The Afghan women told of being beaten for wearing clothing deemed inappropriate by the Taliban, getting put on “wanted” lists for working in education, and witnessing buses carrying their loved ones that exploded in the street, killing them.
“One woman was married, but her husband was abroad. She was scared because married women in her village were being kidnapped and remarried to Taliban members,” Patton said. “She and her relatives had to sneak out in the middle of the night and hide under blankets in cars to get to the airport.”
Scavo said that journaling helped her process the secondhand trauma, and she noted that the experience gave her a greater appreciation for the emotional component of the work that immigration attorneys perform each day. For Nguyen, the assignment brought back memories of her own family’s immigration from Vietnam when she was 14.
“Hearing the refugee story of the people from Afghanistan was very personal to me. When my family immigrated, there was the same confusion and same panic that we didn’t get something correct on paper,” Nguyen said. “The murkiness of legal terminology and the gatekeeping aspect of it plays a lot into the fear that immigrant and refugee communities feel toward the law.
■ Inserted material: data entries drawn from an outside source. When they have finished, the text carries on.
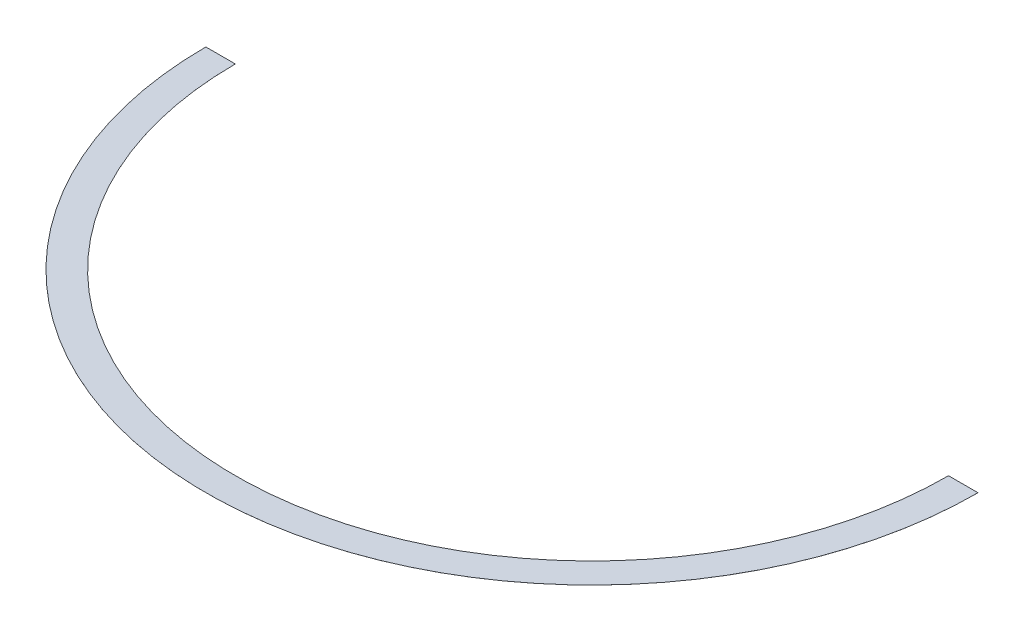
SolidWorks part; units mm, degrees
ref_plane "Plano frontal" through (0, 0, 0) normal (0, 0, 1) x (1, 0, 0)
ref_plane "Plano superior" through (0, 0, 0) normal (0, 1, 0) x (1, 0, 0)
ref_plane "Plano direito" through (0, 0, 0) normal (1, 0, 0) x (0, 0, -1)
sketch "Esboço1" plane through (0, 0, 0) normal (0, 1, 0) x (1, 0, 0)
  line L0 (-1093, 595.536) -> (-1073, 595.536)
  line L1 (0, 0) -> (18.9344, 0)
  line L2 (0, 0) -> (0, 766.8662)
  line L3 (0, 766.8662) -> (18.9344, 766.8662)
  line L4 (18.9344, 0) -> (18.9344, 766.8662)
  line L5 (-381.6968, 766.8662) -> (-362.7624, 766.8662)
  line L6 (-381.6968, 766.8662) -> (-381.6968, 345.536)
  line L7 (-381.6968, 345.536) -> (-362.7624, 345.536)
  line L8 (-362.7624, 766.8662) -> (-362.7624, 345.536)
  line L9 (-858.9344, 645.536) -> (-840, 645.536)
  line L10 (-858.9344, 645.536) -> (-858.9344, 345.536)
  line L11 (-858.9344, 345.536) -> (-840, 345.536)
  line L12 (-840, 645.536) -> (-840, 345.536)
  line L13 (-853.5858, 925.2213) -> (-1253.5858, 925.2213)
  line L14 (-853.5858, 925.2213) -> (-853.5858, 945.2213)
  line L15 (-853.5858, 945.2213) -> (-1253.5858, 945.2213)
  line L16 (-1253.5858, 925.2213) -> (-1253.5858, 945.2213)
  line L17 (-1093, 595.536) -> (-1093, 195.536)
  line L18 (-1093, 195.536) -> (-1073, 195.536)
  line L19 (-1073, 595.536) -> (-1073, 195.536)
  line L21 (-858.9344, 427.7897) -> (-1250.0103, 427.7897)
  line L23 (-858.9344, 407.7897) -> (-1250.0103, 407.7897)
  line L24 (-1250.0103, 427.7897) -> (-1250.0103, 407.7897)
  line L33 (-1439.6613, 239.7512) -> (-1560.0448, 239.7512)
  line L34 (-1439.6613, 239.7512) -> (-1439.6613, 219.7512)
  line L35 (-1439.6613, 219.7512) -> (-1560.0448, 219.7512)
  line L36 (-1560.0448, 239.7512) -> (-1560.0448, 219.7512)
  line L37 (-1627.2015, 576.144) -> (-1607.2015, 576.144)
  line L38 (-1627.2015, 576.144) -> (-1627.2015, 317.0654)
  line L39 (-1627.2015, 317.0654) -> (-1607.2015, 317.0654)
  line L40 (-1607.2015, 576.144) -> (-1607.2015, 317.0654)
  line L41 (-1627.2015, 769.6927) -> (-1607.2015, 769.6927)
  line L42 (-1627.2015, 769.6927) -> (-1627.2015, 1019.6927)
  line L43 (-1627.2015, 1019.6927) -> (-1607.2015, 1019.6927)
  line L44 (-1607.2015, 769.6927) -> (-1607.2015, 1019.6927)
  line L59 (637.1559, 1114.7605) -> (656.0903, 1114.7605)
  line L60 (159.9183, 1114.7605) -> (178.8527, 1114.7605)
  arc A6 (-381.6968, 766.8662) -> (18.9344, 766.8662) centre (-181.3812, 766.8662) cw
  arc A7 (-362.7624, 766.8662) -> (0, 766.8662) centre (-181.3812, 766.8662) cw
  arc A8 (-362.7624, 345.536) -> (-858.9344, 345.536) centre (-610.8484, 345.536) cw
  arc A9 (-381.6968, 345.536) -> (-840, 345.536) centre (-610.8484, 345.536) cw
  arc A10 (-840, 645.536) -> (-803.6955, 702.0415) centre (-777.8744, 645.536) cw
  arc A11 (-803.6955, 702.0415) -> (-853.5858, 945.2213) centre (-856.6336, 817.8884) ccw
  arc A12 (-858.9344, 645.536) -> (-814.4955, 717.9247) centre (-777.7563, 645.536) cw
  arc A13 (-814.4955, 717.9247) -> (-853.5858, 925.2213) centre (-864.2122, 815.8835) ccw
  arc A14 (-1093, 595.536) -> (-1188.5366, 677.9223) centre (-1176.2913, 595.536) ccw
  arc A15 (-1188.5366, 677.9223) -> (-1354.3411, 742.8189) centre (-1214.8489, 854.9525) cw
  arc A16 (-1354.3411, 742.8189) -> (-1253.5858, 945.2213) centre (-1257.3278, 820.805) cw
  arc A17 (-1073, 595.536) -> (-1188.5366, 698.0004) centre (-1176.2038, 595.536) ccw
  arc A18 (-1188.5366, 698.0004) -> (-1341.8208, 766.8662) centre (-1207.9995, 859.705) cw
  arc A19 (-1341.8208, 766.8662) -> (-1253.5858, 925.2213) centre (-1258.876, 824.4093) cw
  arc A22 (-1368.7558, 309.7722) -> (-1439.6613, 219.7512) centre (-1474.849, 320.402) cw
  arc A23 (-1388.5562, 309.7722) -> (-1439.6613, 239.7512) centre (-1477.6183, 321.1143) cw
  arc A24 (-1388.5562, 309.7722) -> (-1250.0103, 427.7897) centre (-1254.4723, 292.6965) cw
  arc A25 (-1607.2015, 317.0654) -> (-1560.0448, 239.7512) centre (-1520.2441, 317.0654) ccw
  arc A26 (-1627.2015, 317.0654) -> (-1560.0448, 219.7512) centre (-1523.1159, 317.0654) ccw
  arc A27 (-1368.7558, 309.7722) -> (-1250.0103, 407.7897) centre (-1259.9289, 298.8686) cw
  arc A30 (656.0903, 1114.7605) -> (159.9183, 1114.7605) centre (408.0043, 1114.7605) cw
  arc A31 (637.1559, 1114.7605) -> (178.8527, 1114.7605) centre (408.0043, 1114.7605) cw
extrude "Ressalto-extrusão8" add sketch "Esboço1" along normal blind 0.01 contours A30 L60 A31 L59
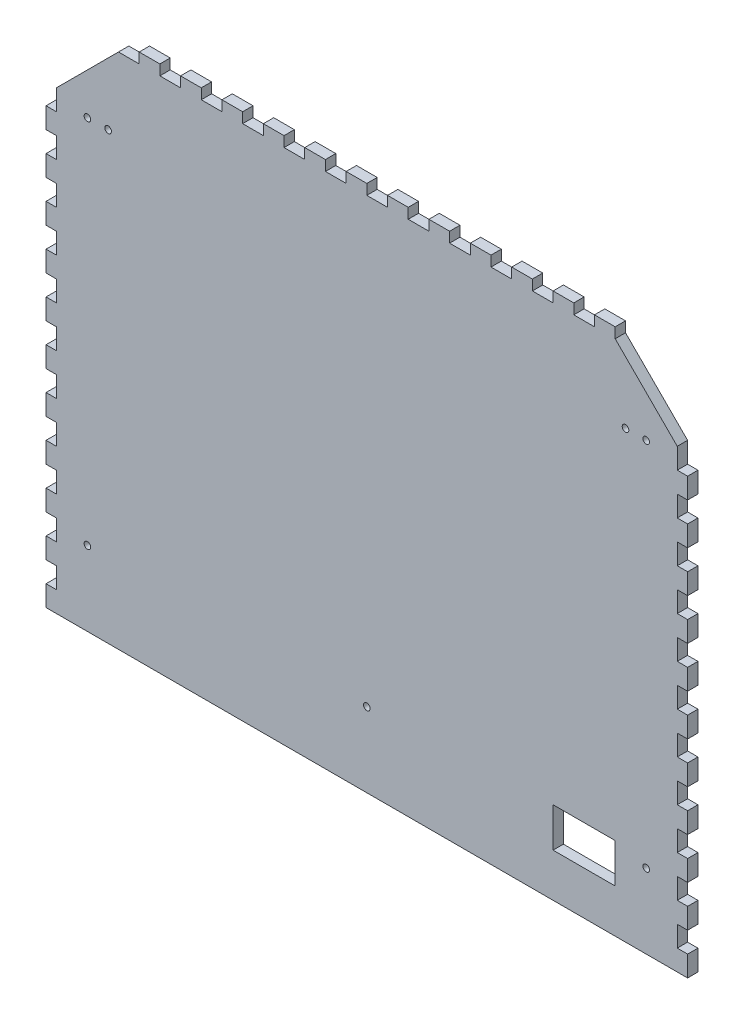
SolidWorks part; units mm, degrees
material "Buche"
ref_plane "Ebene vorne" through (0, 0, 0) normal (0, 0, 1) x (1, 0, 0)
ref_plane "Ebene oben" through (0, 0, 0) normal (0, 1, 0) x (1, 0, 0)
ref_plane "Ebene rechts" through (0, 0, 0) normal (1, 0, 0) x (0, 0, -1)
sketch "Skizze1" plane through (0, 0, 0) normal (0, 0, 1) x (1, 0, 0)
  line L0 (5, 10) -> (5, 20)
  line L1 (5, 0) -> (305, 0)
  line L2 (305, 10) -> (305, 20)
  line L3 (55, 250) -> (65, 250)
  line L4 (5, 220) -> (35, 250)
  line L5 (305, 220) -> (275, 250)
  line L6 (35, 250) -> (45, 250)
  line L7 (45, 250) -> (45, 255)
  line L8 (45, 255) -> (55, 255)
  line L9 (55, 255) -> (55, 250)
  line L10 (65, 250) -> (65, 255)
  line L11 (65, 255) -> (75, 255)
  line L12 (75, 255) -> (75, 250)
  line L13 (305, 0) -> (310, 0)
  line L14 (310, 0) -> (310, 10)
  line L15 (310, 10) -> (305, 10)
  line L16 (305, 30) -> (305, 40)
  line L17 (305, 20) -> (310, 20)
  line L18 (310, 20) -> (310, 30)
  line L19 (310, 30) -> (305, 30)
  line L20 (305, 50) -> (305, 60)
  line L21 (305, 40) -> (310, 40)
  line L22 (310, 40) -> (310, 50)
  line L23 (310, 50) -> (305, 50)
  line L24 (305, 70) -> (305, 80)
  line L25 (305, 60) -> (310, 60)
  line L26 (310, 60) -> (310, 70)
  line L27 (310, 70) -> (305, 70)
  line L28 (305, 90) -> (305, 100)
  line L29 (305, 80) -> (310, 80)
  line L30 (310, 80) -> (310, 90)
  line L31 (310, 90) -> (305, 90)
  line L32 (305, 110) -> (305, 120)
  line L33 (305, 100) -> (310, 100)
  line L34 (310, 100) -> (310, 110)
  line L35 (310, 110) -> (305, 110)
  line L36 (305, 130) -> (305, 140)
  line L37 (305, 120) -> (310, 120)
  line L38 (310, 120) -> (310, 130)
  line L39 (310, 130) -> (305, 130)
  line L40 (305, 150) -> (305, 160)
  line L41 (305, 140) -> (310, 140)
  line L42 (310, 140) -> (310, 150)
  line L43 (310, 150) -> (305, 150)
  line L44 (305, 170) -> (305, 180)
  line L45 (305, 160) -> (310, 160)
  line L46 (310, 160) -> (310, 170)
  line L47 (310, 170) -> (305, 170)
  line L48 (305, 190) -> (305, 200)
  line L49 (305, 180) -> (310, 180)
  line L50 (310, 180) -> (310, 190)
  line L51 (310, 190) -> (305, 190)
  line L52 (305, 210) -> (305, 220)
  line L53 (305, 200) -> (310, 200)
  line L54 (310, 200) -> (310, 210)
  line L55 (310, 210) -> (305, 210)
  line L56 (5, 0) -> (0, 0)
  line L57 (0, 0) -> (0, 10)
  line L58 (0, 10) -> (5, 10)
  line L59 (5, 30) -> (5, 40)
  line L60 (0, 20) -> (0, 30)
  line L61 (0, 30) -> (5, 30)
  line L62 (5, 50) -> (5, 60)
  line L63 (0, 40) -> (0, 50)
  line L64 (0, 50) -> (5, 50)
  line L65 (5, 70) -> (5, 80)
  line L66 (0, 60) -> (0, 70)
  line L67 (0, 70) -> (5, 70)
  line L68 (5, 90) -> (5, 100)
  line L69 (0, 80) -> (0, 90)
  line L70 (0, 90) -> (5, 90)
  line L71 (5, 110) -> (5, 120)
  line L72 (0, 100) -> (0, 110)
  line L73 (0, 110) -> (5, 110)
  line L74 (5, 130) -> (5, 140)
  line L75 (0, 120) -> (0, 130)
  line L76 (0, 130) -> (5, 130)
  line L77 (5, 150) -> (5, 160)
  line L78 (0, 140) -> (0, 150)
  line L79 (0, 150) -> (5, 150)
  line L80 (5, 170) -> (5, 180)
  line L81 (0, 160) -> (0, 170)
  line L82 (0, 170) -> (5, 170)
  line L83 (5, 190) -> (5, 200)
  line L84 (0, 180) -> (0, 190)
  line L85 (0, 190) -> (5, 190)
  line L86 (5, 210) -> (5, 220)
  line L87 (0, 200) -> (0, 210)
  line L88 (0, 210) -> (5, 210)
  line L89 (0, 20) -> (5, 20)
  line L90 (0, 40) -> (5, 40)
  line L91 (0, 60) -> (5, 60)
  line L92 (0, 80) -> (5, 80)
  line L93 (0, 100) -> (5, 100)
  line L94 (0, 120) -> (5, 120)
  line L95 (0, 140) -> (5, 140)
  line L96 (0, 160) -> (5, 160)
  line L97 (0, 180) -> (5, 180)
  line L98 (0, 200) -> (5, 200)
  line L99 (75, 250) -> (85, 250)
  line L100 (85, 250) -> (85, 255)
  line L101 (85, 255) -> (95, 255)
  line L102 (95, 255) -> (95, 250)
  line L103 (95, 250) -> (105, 250)
  line L104 (105, 250) -> (105, 255)
  line L105 (105, 255) -> (115, 255)
  line L106 (115, 255) -> (115, 250)
  line L107 (115, 250) -> (125, 250)
  line L108 (125, 250) -> (125, 255)
  line L109 (125, 255) -> (135, 255)
  line L110 (135, 255) -> (135, 250)
  line L111 (135, 250) -> (145, 250)
  line L112 (145, 250) -> (145, 255)
  line L113 (145, 255) -> (155, 255)
  line L114 (155, 255) -> (155, 250)
  line L115 (155, 250) -> (165, 250)
  line L116 (165, 250) -> (165, 255)
  line L117 (165, 255) -> (175, 255)
  line L118 (175, 255) -> (175, 250)
  line L119 (175, 250) -> (185, 250)
  line L120 (185, 250) -> (185, 255)
  line L121 (185, 255) -> (195, 255)
  line L122 (195, 255) -> (195, 250)
  line L123 (195, 250) -> (205, 250)
  line L124 (205, 250) -> (205, 255)
  line L125 (205, 255) -> (215, 255)
  line L126 (215, 255) -> (215, 250)
  line L127 (215, 250) -> (225, 250)
  line L128 (225, 250) -> (225, 255)
  line L129 (225, 255) -> (235, 255)
  line L130 (235, 255) -> (235, 250)
  line L131 (235, 250) -> (245, 250)
  line L132 (245, 250) -> (245, 255)
  line L133 (245, 255) -> (255, 255)
  line L134 (255, 255) -> (255, 250)
  line L135 (255, 250) -> (265, 250)
  line L136 (265, 250) -> (265, 255)
  line L137 (265, 255) -> (275, 255)
  line L138 (275, 255) -> (275, 250)
  line L140 (245, 21) -> (275, 21)
  line L141 (245, 21) -> (245, 40)
  line L142 (245, 40) -> (275, 40)
  line L143 (275, 21) -> (275, 40)
  circle A0 centre (20, 215) radius 1.6
  circle A1 centre (30, 215) radius 1.6
  circle A2 centre (290, 215) radius 1.6
  circle A3 centre (280, 215) radius 1.6
  circle A4 centre (20, 36) radius 1.6
  circle A5 centre (155, 36) radius 1.6
  circle A6 centre (290, 36) radius 1.6
  dimension "D1" = 12
extrude "Aufsatz-Linear austragen1" add sketch "Skizze1" along normal blind 5

Part of the reason I went to law school is to bring that back to those communities and illuminate the murkiness of it."
This window into the refugees’ journeys made it all the more rewarding when, this past summer, the recent graduates learned that one of their clients was granted asylum.
Romero, who immigrated with her family from Mexico as a baby, was filled with hope for the future of the immigration system after the practicum.
“It reinforces my belief in the power of law as a tool for positive change,” Romero said. “It reaffirmed my commitment to advocate for those in need. And that is why I went to law school.”